Here are the records. Write out exactly the lines between the one holding "Current Control/1(Duty Cycles) -> RT3/1" and the one holding "RT2/1 -> Current Control/1(Idc_ref_PU)", inclusive.

=== Section Start ===

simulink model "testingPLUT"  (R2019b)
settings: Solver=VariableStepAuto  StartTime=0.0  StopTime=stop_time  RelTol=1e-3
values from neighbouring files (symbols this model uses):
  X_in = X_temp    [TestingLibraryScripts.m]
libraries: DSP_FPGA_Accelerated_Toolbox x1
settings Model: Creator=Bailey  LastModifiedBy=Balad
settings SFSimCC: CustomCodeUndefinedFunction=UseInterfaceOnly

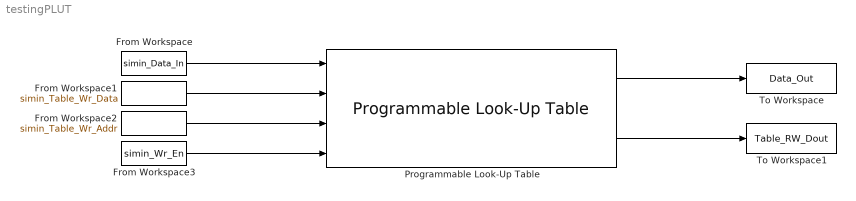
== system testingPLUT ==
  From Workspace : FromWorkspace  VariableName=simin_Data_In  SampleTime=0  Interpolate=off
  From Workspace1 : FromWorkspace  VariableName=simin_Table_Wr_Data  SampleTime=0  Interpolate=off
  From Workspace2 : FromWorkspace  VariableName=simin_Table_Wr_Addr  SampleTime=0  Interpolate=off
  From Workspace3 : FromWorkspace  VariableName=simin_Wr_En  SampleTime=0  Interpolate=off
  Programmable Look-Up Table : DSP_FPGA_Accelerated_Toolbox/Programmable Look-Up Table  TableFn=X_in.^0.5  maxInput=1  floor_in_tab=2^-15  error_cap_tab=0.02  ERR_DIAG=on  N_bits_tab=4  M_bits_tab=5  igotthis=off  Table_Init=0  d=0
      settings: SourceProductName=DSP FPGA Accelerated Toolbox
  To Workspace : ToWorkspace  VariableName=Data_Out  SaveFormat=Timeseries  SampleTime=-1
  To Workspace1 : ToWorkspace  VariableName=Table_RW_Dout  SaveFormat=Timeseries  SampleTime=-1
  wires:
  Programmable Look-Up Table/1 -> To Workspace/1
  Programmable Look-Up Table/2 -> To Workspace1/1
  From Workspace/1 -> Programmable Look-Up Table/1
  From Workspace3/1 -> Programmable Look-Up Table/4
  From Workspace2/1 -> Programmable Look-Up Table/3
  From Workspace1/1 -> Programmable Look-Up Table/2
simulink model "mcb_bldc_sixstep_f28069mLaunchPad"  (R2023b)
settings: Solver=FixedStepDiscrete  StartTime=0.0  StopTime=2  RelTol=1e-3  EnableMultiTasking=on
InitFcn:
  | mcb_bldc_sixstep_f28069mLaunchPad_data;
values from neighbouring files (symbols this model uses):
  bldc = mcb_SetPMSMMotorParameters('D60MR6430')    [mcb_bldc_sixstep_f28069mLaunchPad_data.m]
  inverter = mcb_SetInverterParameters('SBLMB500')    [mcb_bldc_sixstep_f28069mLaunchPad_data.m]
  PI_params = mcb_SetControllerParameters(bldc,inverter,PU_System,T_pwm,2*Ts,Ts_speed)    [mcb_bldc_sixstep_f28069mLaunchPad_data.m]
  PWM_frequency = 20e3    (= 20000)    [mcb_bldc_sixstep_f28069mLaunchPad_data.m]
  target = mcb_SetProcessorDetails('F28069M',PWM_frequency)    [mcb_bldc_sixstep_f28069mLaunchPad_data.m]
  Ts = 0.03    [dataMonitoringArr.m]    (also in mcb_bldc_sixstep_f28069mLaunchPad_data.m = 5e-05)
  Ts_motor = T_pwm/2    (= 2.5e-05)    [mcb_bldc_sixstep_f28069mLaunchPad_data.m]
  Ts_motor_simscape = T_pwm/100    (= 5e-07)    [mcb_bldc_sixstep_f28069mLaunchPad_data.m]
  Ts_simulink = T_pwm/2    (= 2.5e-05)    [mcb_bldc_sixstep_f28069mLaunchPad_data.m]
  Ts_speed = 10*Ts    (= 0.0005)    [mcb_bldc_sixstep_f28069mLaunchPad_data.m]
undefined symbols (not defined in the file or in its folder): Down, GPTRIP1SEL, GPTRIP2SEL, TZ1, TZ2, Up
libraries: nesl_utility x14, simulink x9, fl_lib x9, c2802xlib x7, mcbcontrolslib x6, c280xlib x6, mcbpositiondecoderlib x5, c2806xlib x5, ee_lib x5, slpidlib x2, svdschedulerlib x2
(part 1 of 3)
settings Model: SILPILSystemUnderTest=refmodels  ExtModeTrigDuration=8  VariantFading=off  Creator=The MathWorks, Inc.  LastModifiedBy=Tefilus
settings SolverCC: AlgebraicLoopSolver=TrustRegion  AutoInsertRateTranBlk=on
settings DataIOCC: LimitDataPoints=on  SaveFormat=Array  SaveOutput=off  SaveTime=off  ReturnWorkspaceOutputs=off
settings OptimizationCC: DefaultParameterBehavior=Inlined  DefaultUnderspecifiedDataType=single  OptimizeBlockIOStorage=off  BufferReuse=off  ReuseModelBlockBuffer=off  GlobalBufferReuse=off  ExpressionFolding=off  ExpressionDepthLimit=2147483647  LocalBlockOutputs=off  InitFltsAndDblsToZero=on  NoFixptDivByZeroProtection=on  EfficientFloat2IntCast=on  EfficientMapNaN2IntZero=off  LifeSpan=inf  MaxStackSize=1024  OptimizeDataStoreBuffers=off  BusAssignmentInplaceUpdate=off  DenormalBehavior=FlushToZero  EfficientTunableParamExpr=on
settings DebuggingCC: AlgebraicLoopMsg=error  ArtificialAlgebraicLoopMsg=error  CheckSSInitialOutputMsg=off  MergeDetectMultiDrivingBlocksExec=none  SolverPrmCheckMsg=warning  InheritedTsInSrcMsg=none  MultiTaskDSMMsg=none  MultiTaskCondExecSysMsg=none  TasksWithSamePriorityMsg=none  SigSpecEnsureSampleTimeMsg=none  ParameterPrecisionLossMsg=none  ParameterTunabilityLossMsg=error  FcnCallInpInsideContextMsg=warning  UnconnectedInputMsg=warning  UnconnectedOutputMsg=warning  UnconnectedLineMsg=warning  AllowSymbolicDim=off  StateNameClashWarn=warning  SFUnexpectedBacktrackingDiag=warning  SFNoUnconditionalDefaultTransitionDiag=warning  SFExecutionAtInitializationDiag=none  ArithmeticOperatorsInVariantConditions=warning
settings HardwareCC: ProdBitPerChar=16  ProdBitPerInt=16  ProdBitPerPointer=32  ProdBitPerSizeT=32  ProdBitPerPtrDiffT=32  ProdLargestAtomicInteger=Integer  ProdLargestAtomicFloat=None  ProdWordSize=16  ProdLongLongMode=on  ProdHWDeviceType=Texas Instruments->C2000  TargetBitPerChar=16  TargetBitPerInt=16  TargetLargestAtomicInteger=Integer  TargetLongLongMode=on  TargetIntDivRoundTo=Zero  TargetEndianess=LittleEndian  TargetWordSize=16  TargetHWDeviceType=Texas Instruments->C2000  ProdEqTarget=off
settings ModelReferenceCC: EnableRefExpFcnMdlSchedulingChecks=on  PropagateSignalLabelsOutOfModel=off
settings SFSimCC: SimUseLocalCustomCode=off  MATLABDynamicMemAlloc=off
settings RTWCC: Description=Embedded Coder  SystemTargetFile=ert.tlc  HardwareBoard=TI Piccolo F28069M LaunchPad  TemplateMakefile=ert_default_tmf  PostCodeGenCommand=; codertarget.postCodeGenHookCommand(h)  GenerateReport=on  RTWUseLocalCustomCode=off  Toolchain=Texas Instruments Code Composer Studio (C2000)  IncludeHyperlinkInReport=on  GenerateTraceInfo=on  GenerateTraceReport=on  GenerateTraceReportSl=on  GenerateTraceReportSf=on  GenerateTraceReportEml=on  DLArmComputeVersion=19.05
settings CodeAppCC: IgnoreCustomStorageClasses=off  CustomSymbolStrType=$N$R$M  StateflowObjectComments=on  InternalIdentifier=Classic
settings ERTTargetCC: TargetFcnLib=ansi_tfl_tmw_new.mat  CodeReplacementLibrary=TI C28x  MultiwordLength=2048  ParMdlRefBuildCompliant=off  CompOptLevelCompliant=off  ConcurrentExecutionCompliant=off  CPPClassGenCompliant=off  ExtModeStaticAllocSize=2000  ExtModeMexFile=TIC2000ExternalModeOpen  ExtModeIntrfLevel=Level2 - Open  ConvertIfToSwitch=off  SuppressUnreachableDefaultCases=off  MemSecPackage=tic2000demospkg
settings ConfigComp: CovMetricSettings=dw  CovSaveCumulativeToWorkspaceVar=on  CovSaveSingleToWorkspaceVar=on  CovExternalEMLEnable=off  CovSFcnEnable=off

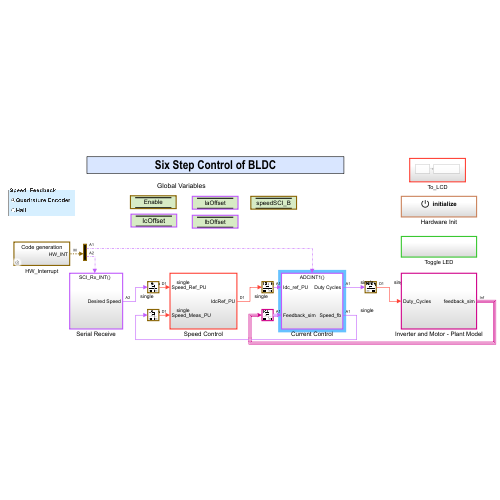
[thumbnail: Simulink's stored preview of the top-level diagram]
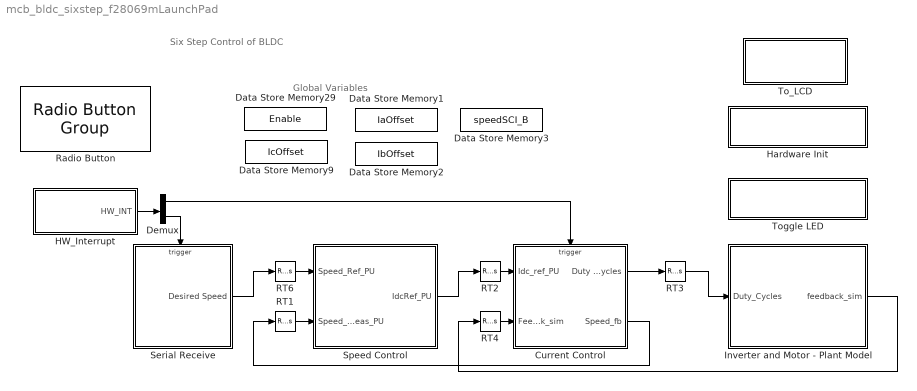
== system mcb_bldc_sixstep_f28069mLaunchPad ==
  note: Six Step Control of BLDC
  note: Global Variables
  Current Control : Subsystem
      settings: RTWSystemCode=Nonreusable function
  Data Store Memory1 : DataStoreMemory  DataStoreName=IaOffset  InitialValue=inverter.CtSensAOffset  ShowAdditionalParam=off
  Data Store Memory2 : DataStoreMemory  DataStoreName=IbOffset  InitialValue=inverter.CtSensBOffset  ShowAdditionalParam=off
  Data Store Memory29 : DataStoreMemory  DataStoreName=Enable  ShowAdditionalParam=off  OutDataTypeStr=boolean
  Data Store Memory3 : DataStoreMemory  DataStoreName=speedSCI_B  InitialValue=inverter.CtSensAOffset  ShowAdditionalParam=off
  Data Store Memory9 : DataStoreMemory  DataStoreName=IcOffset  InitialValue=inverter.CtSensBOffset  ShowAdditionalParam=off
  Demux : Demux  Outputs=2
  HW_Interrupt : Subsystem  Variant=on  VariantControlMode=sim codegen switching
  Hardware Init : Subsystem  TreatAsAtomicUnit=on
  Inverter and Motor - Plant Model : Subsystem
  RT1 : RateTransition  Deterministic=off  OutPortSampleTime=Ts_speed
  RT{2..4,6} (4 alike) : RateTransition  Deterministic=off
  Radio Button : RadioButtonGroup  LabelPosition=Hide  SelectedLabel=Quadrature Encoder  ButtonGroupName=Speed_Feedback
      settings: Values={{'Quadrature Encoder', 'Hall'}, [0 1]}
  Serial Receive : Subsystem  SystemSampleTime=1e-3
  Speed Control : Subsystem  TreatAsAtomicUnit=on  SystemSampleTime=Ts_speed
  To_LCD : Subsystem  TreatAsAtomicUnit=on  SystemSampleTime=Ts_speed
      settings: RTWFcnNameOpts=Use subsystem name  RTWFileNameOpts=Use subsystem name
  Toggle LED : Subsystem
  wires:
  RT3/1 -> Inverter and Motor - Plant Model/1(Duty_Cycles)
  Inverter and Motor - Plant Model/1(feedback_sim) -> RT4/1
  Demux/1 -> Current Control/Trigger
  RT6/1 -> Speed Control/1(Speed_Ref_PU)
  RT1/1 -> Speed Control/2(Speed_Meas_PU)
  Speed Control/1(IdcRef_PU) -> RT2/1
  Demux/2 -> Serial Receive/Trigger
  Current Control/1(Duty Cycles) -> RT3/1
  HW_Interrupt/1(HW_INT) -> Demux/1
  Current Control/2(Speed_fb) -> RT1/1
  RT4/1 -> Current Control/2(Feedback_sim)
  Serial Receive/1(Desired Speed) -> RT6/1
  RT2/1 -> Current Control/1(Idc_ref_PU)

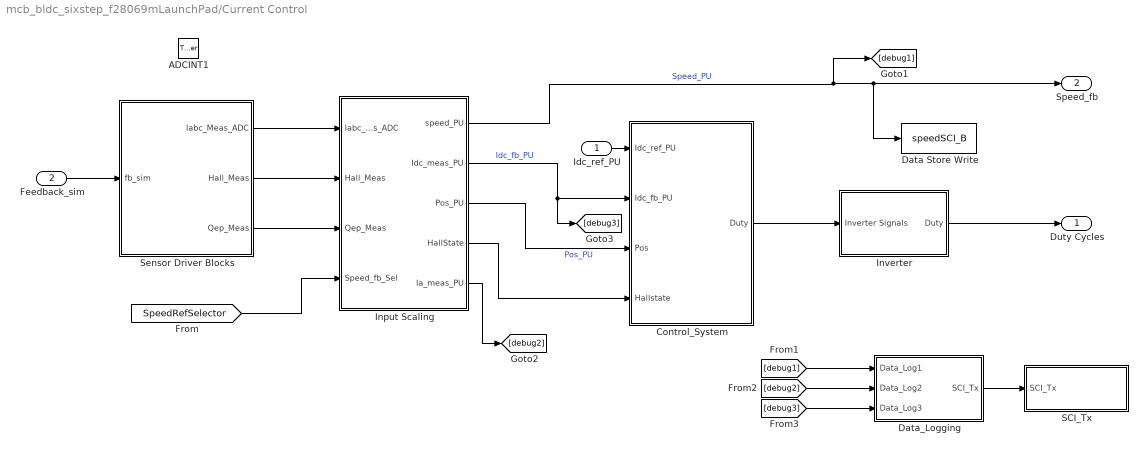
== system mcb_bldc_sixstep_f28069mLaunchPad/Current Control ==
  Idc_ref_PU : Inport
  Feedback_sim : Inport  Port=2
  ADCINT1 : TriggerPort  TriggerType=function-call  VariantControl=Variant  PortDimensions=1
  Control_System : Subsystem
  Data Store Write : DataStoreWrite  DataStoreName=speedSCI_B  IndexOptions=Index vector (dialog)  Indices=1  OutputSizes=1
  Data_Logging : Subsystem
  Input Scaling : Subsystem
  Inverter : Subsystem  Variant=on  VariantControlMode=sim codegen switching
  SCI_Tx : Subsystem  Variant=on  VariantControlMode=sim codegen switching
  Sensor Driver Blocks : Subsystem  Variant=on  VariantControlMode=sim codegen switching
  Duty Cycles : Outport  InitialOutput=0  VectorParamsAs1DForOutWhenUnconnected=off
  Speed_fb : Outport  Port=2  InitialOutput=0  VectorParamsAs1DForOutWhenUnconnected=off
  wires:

=== Section End ===

• _Written response_
  Current Control/1(Duty Cycles) -> RT3/1
  HW_Interrupt/1(HW_INT) -> Demux/1
  Current Control/2(Speed_fb) -> RT1/1
  RT4/1 -> Current Control/2(Feedback_sim)
  Serial Receive/1(Desired Speed) -> RT6/1
  RT2/1 -> Current Control/1(Idc_ref_PU)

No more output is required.